Le pavillon des combattantes est un livre fort. C'est une fiction et aussi un document sur une époque charnière où sévit la Grande Guerre de 14-18 qui sera qualifiée de "moderne" en raison de l'évolution des techniques d'armement et des stratégies militaires adoptées, c'est-à-dire une puissance de feu terrifiante et des tactiques offensives suicidaires. Des millions de soldats endurent des combats jamais imaginés jusqu'alors. Les grands blessés rentrent traumatisés, défigurés, mutilés, gazés, brûlés. le personnage de Tim Power, frère de l'infirmière Julia, représente la génération de ces jeunes gens dont l'esprit et le corps furent détruits. Les populations civiles tentent pour leur part de survivre au sein de pays dévastés où règnent la pénurie et une pandémie de grippe dévastatrice, d'une contagion redoutable.
Les premières pages du roman d'Emma Donaghue donnent d'emblée le ton de l'atmosphère accablante qui règne dans les rues délabrées de Dublin. Nous faisons connaissance de Julia Power, infirmière sage-femme à l'hôpital public de Dublin. Elle soigne les femmes enceintes frappées par la grippe, mises en quarantaine dans une unité de soins dédiée. Nous l'accompagnons dans sa lutte pour sauver ces femmes et leurs bébés durant quatre jours, quatre chapitres, chacun porteur d'un nom : Rouge, Marron, Bleu, Noir. Comptine atroce des couleurs qui se suivent sur le corps des malades selon le degré d'avancement de la maladie.
Le manque est criant dans les hôpitaux et dispensaires de la ville. Matériel, médicaments, nourriture. Médecins et soignants sont décimés par la grippe, mobilisés dans les hôpitaux du front ou revenus de cet enfer infirmes, souffrants. Ogresse insatiable, la guerre prend tout pour elle.
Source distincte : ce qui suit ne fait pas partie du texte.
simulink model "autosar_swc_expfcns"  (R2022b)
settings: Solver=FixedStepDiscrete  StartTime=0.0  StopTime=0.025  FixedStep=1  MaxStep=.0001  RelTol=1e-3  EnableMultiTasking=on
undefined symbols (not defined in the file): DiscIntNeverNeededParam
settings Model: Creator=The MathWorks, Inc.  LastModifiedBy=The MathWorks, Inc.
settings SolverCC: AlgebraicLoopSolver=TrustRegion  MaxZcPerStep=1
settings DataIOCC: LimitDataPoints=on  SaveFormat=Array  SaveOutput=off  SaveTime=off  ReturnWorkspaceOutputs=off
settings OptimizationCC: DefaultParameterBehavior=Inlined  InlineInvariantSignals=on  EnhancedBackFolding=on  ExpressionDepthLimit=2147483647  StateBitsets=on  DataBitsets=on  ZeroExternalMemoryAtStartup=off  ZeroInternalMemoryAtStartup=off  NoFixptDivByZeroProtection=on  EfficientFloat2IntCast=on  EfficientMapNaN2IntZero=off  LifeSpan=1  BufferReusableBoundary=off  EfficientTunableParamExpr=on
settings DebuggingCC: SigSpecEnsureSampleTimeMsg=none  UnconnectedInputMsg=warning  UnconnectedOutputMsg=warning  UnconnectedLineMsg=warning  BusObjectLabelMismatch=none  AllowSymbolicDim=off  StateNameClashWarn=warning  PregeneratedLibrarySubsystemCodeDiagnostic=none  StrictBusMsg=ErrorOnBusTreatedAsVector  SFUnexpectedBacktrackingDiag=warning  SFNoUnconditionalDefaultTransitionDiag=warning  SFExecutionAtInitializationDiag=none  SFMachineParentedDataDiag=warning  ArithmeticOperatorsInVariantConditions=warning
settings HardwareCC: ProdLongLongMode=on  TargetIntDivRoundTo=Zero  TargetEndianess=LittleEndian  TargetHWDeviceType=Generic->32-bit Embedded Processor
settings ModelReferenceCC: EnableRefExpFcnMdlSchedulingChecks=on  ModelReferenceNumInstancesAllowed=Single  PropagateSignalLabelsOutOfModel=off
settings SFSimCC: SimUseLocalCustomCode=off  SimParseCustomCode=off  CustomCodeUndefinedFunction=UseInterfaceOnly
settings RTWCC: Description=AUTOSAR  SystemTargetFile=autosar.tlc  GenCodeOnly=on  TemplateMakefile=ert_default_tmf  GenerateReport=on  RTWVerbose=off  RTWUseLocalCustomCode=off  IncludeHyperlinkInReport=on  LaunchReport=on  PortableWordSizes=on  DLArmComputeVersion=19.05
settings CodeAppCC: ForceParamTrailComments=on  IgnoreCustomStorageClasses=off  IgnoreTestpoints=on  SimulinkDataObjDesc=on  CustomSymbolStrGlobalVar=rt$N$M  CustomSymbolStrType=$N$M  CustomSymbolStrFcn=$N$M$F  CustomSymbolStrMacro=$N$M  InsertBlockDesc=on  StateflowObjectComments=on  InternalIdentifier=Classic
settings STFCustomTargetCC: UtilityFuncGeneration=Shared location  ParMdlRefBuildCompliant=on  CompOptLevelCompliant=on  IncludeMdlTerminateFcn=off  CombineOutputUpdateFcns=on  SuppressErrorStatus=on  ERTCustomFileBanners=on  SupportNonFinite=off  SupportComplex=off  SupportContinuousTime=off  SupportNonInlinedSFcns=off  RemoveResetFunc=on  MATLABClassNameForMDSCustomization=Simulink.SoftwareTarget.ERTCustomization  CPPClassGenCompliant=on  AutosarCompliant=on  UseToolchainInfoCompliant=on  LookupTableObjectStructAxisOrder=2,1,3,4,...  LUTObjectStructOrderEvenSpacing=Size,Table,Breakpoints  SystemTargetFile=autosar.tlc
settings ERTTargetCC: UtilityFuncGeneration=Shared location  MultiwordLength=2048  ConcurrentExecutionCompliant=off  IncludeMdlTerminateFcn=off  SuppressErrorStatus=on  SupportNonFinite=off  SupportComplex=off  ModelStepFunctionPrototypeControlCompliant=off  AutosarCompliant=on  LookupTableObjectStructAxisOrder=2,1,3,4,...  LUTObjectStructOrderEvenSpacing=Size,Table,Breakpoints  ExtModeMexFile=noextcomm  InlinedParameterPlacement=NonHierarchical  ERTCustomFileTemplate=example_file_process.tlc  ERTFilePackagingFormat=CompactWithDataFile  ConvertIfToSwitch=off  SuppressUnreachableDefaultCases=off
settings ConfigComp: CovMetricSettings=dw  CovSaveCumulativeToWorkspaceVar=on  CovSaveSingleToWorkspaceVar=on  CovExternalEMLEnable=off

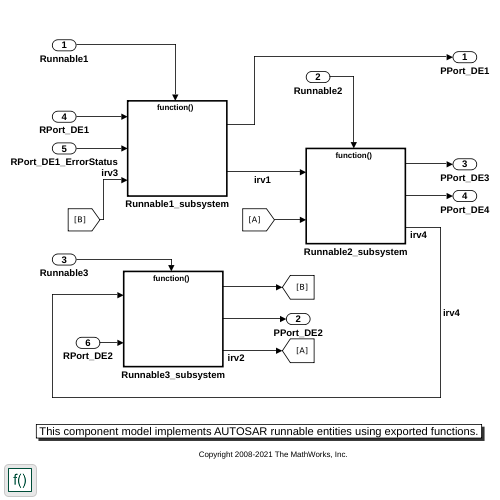
[thumbnail: Simulink's stored preview of the top-level diagram]
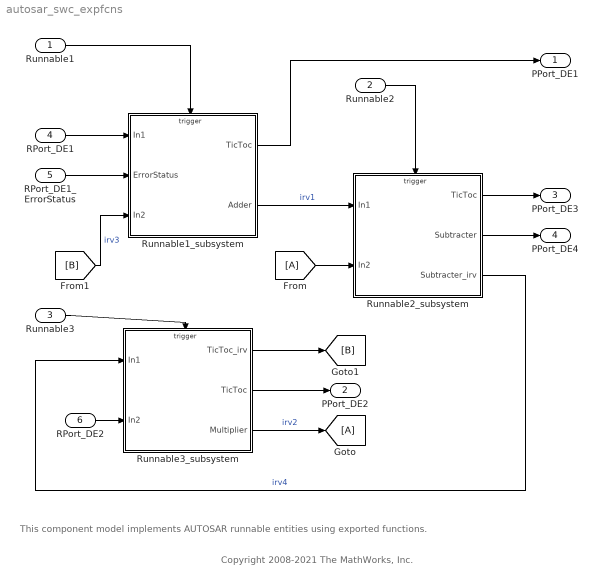
== system autosar_swc_expfcns ==
  note: This component model implements AUTOSAR runnable entities using exported functions.
  note: Copyright 2008-2021 The MathWorks, Inc.
  Runnable1 : Inport  PortDimensions=1  SampleTime=1  OutputFunctionCall=on
  Runnable2 : Inport  Port=2  PortDimensions=1  SampleTime=1  OutputFunctionCall=on
  Runnable3 : Inport  Port=3  PortDimensions=1  SampleTime=10  OutputFunctionCall=on
  RPort_DE1 : Inport  Port=4  OutDataTypeStr=double  PortDimensions=1
  RPort_DE1_ErrorStatus : Inport  Port=5  OutDataTypeStr=uint8  PortDimensions=1
  RPort_DE2 : Inport  Port=6  OutDataTypeStr=double  PortDimensions=2
  From : From
  Goto : Goto
  Runnable1_subsystem : Subsystem  TreatAsAtomicUnit=on  RTWFcnName=foo
  Runnable2_subsystem : Subsystem  TreatAsAtomicUnit=on  RTWFcnName=foo
  Runnable3_subsystem : Subsystem  TreatAsAtomicUnit=on  RTWFcnName=foo
  PPort_DE1 : Outport  OutDataTypeStr=int8  PortDimensions=1  VectorParamsAs1DForOutWhenUnconnected=off
  PPort_DE2 : Outport  Port=2  OutDataTypeStr=int8  PortDimensions=1  VectorParamsAs1DForOutWhenUnconnected=off
  PPort_DE3 : Outport  Port=3  OutDataTypeStr=int8  PortDimensions=2  VectorParamsAs1DForOutWhenUnconnected=off
  PPort_DE4 : Outport  Port=4  OutDataTypeStr=double  PortDimensions=1  VectorParamsAs1DForOutWhenUnconnected=off
  wires:
  [B] -> Runnable1_subsystem/3(In2)  "irv3"
  Runnable3_subsystem/1(TicToc_irv) -> [B]
  From/1 -> Runnable2_subsystem/2(In2)
  Runnable3_subsystem/3(Multiplier) -> Goto/1  "irv2"
  RPort_DE1_ErrorStatus/1 -> Runnable1_subsystem/2(ErrorStatus)
  Runnable2_subsystem/2(Subtracter) -> PPort_DE4/1
  RPort_DE1/1 -> Runnable1_subsystem/1(In1)
  Runnable2/1 -> Runnable2_subsystem/Trigger
  Runnable1_subsystem/1(TicToc) -> PPort_DE1/1
  Runnable2_subsystem/1(TicToc) -> PPort_DE3/1
  Runnable3_subsystem/2(TicToc) -> PPort_DE2/1
  Runnable1/1 -> Runnable1_subsystem/Trigger
  Runnable1_subsystem/2(Adder) -> Runnable2_subsystem/1(In1)  "irv1"
  Runnable2_subsystem/3(Subtracter_irv) -> Runnable3_subsystem/1(In1)  "irv4"
  RPort_DE2/1 -> Runnable3_subsystem/2(In2)
  Runnable3/1 -> Runnable3_subsystem/Trigger

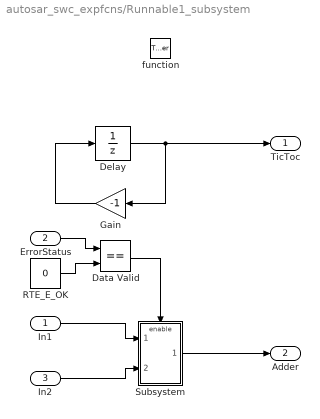
== system autosar_swc_expfcns/Runnable1_subsystem ==
  In1 : Inport
  ErrorStatus : Inport  Port=2
  In2 : Inport  Port=3
  function : TriggerPort  TriggerType=function-call  VariantControl=Variant  SampleTimeType=periodic  SampleTime=-1
  Data Valid : RelationalOperator  Operator===  OutDataTypeStr=boolean  InputSameDT=off
  Delay : UnitDelay  InitialCondition=1  SampleTime=-1  HasFrameUpgradeWarning=on
  Gain : Gain  Gain=-1  OutDataTypeStr=fixdt(1,8,0)
  RTE_E_OK : Constant  Value=0
  Subsystem : Subsystem
  TicToc : Outport  InitialOutput=0  VectorParamsAs1DForOutWhenUnconnected=off
  Adder : Outport  Port=2  InitialOutput=0  VectorParamsAs1DForOutWhenUnconnected=off
  wires:
  RTE_E_OK/1 -> Data Valid/2
  ErrorStatus/1 -> Data Valid/1
  Data Valid/1 -> Subsystem/Enable
  In2/1 -> Subsystem/2(In2)
  In1/1 -> Subsystem/1(In1)
  Delay/1 -> Gain/1, TicToc/1
  Gain/1 -> Delay/1
  Subsystem/1(Out1) -> Adder/1

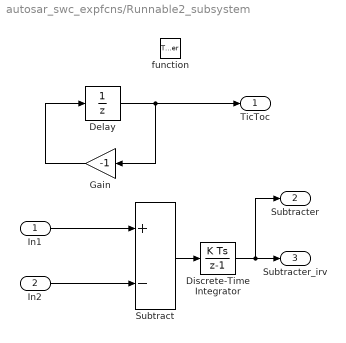
== system autosar_swc_expfcns/Runnable2_subsystem ==
  In1 : Inport
  In2 : Inport  Port=2
  function : TriggerPort  TriggerType=function-call  VariantControl=Variant  SampleTimeType=periodic  SampleTime=-1
  Delay : UnitDelay  InitialCondition=1  SampleTime=-1  HasFrameUpgradeWarning=on
  Discrete-Time Integrator : DiscreteIntegrator  SampleTime=-1  ICPrevOutput=DiscIntNeverNeededParam  ICPrevScaledInput=DiscIntNeverNeededParam
  Gain : Gain  Gain=-1  OutDataTypeStr=fixdt(1,8,0)
  Subtract : Sum  Inputs=+-
  TicToc : Outport  InitialOutput=0  VectorParamsAs1DForOutWhenUnconnected=off
  Subtracter : Outport  Port=2  InitialOutput=0  VectorParamsAs1DForOutWhenUnconnected=off
  Subtracter_irv : Outport  Port=3  VectorParamsAs1DForOutWhenUnconnected=off
  wires:
  Discrete-Time Integrator/1 -> Subtracter/1, Subtracter_irv/1
  Subtract/1 -> Discrete-Time Integrator/1
  Gain/1 -> Delay/1
  Delay/1 -> TicToc/1, Gain/1
  In1/1 -> Subtract/1
  In2/1 -> Subtract/2

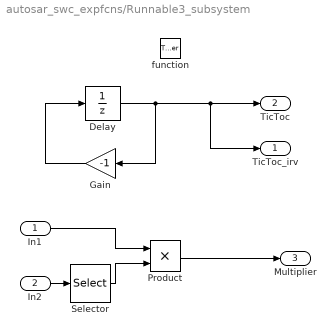
== system autosar_swc_expfcns/Runnable3_subsystem ==
  In1 : Inport  OutDataTypeStr=double
  In2 : Inport  Port=2
  function : TriggerPort  TriggerType=function-call  VariantControl=Variant  SampleTimeType=periodic  SampleTime=-1
  Delay : UnitDelay  InitialCondition=1  SampleTime=-1  HasFrameUpgradeWarning=on
  Gain : Gain  Gain=-1  OutDataTypeStr=fixdt(1,8,0)
  Product : Product  Inputs=**  OutDataTypeStr=Inherit: Same as first input
  Selector : Selector  InputPortWidth=2  IndexOptions=Index vector (dialog)  Indices=1  OutputSizes=1
  TicToc_irv : Outport  VectorParamsAs1DForOutWhenUnconnected=off
  TicToc : Outport  Port=2  InitialOutput=0  VectorParamsAs1DForOutWhenUnconnected=off
  Multiplier : Outport  Port=3  InitialOutput=0  VectorParamsAs1DForOutWhenUnconnected=off
  wires:
  Selector/1 -> Product/2
  Product/1 -> Multiplier/1
  Gain/1 -> Delay/1
  Delay/1 -> TicToc_irv/1, TicToc/1, Gain/1
  In1/1 -> Product/1
  In2/1 -> Selector/1

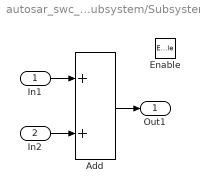
== system autosar_swc_expfcns/Runnable1_subsystem/Subsystem ==
  In1 : Inport
  In2 : Inport  Port=2
  Enable : EnablePort
  Add : Sum
  Out1 : Outport  VectorParamsAs1DForOutWhenUnconnected=off
  wires:
  In2/1 -> Add/2
  Add/1 -> Out1/1
  In1/1 -> Add/1

Les équipes qui restent sur place sont insuffisantes, sous-équipées pour faire face à l'épidémie. Alors on réquisitionne les élèves, on rappelle les vieux médecins. Eux seuls ont autorité pour délivrer les précieux et rares médicaments. En leur absence les infirmières sont autorisées à donner un whisky chaud pour remplacer le chloroforme, y compris aux femmes enceintes quand elles souffrent trop. La guerre désorganise tout, demeure le respect des règles, des hiérarchies.
Ainsi, Julia se retrouve seule infirmière spécialisée en obstétrique pour s'occuper des futures mères et des bébés à naître. Expérimentée, elle sait qu'elle doit obtenir de l'aide pour le bien de ses patientes. le manque de bras est tel que l'Église accepte de prêter à l'hôpital public des infirmières religieuses oeuvrant dans ses hospices. Au terme d'une longue négociation, Julia obtient de Soeur Luke, l'infirmière de nuit, d'esprit dogmatique et autoritaire, qu'elle lui envoie une stagiaire. Et c'est un ange qui entre dans son service, la jeune Bridie, dont on apprend peu à peu l'histoire terrible tout autant que répandue à cette époque. Enfin une femme médecin est affectée à l'hôpital, Kathleen Lyn, militante du Sin Féin, seul personnage non fictif du roman. Ces femmes vivent un quasi huis clos. L'intensité des situations, la proximité des corps font tomber les masques, les caractères se révèlent, dans leur clarté ou leurs zones d'ombres.
Écrit au présent, construit par des dialogues vivants, étayé de descriptions réalistes et documentées,
le pavillon des combattantes est un récit brut, comme l'est la vie dans les conditions extrêmes. Il m'a touchée particulièrement, non par sa connivence avec l'actuelle pandémie de Covid19, mais en raison d'évènements passés.
Dans les années 50, l'accouchement des femmes est encore un acte à très haut risque. Il est courant, en cas de grandes difficultés à la naissance, qu'il soit demandé au père qui il faut sauver en priorité, de la mère ou de l'enfant. En dernière extrémité, cet enfant nait aux forceps, est ondoyé par la sage-femme qui, dans ce cas précis, peut se substituer au prêtre. Un donneur est appelé d'urgence en pleine nuit pour un don de sang à la mère dangereusement affaiblie. Don effectué de bras à bras. Ces évènements se déroulent dans une maternité à la pointe du progrès, pourvue en médicaments et pénicilline, antibiotique alors récemment mis à la disposition des médecins.
A l'époque de Julia Power, les virus sont connus mais indécelables aux microscopes et la pénicilline, évoquée en 1897, redécouverte en 1928, ne sera produite en quantité suffisante qu'en 1942. Les infections font rage et l'antibiotique sauvera de nombreuses vies.
Le pavillon des combattantes est un hommage aux chercheurs et aux soignants.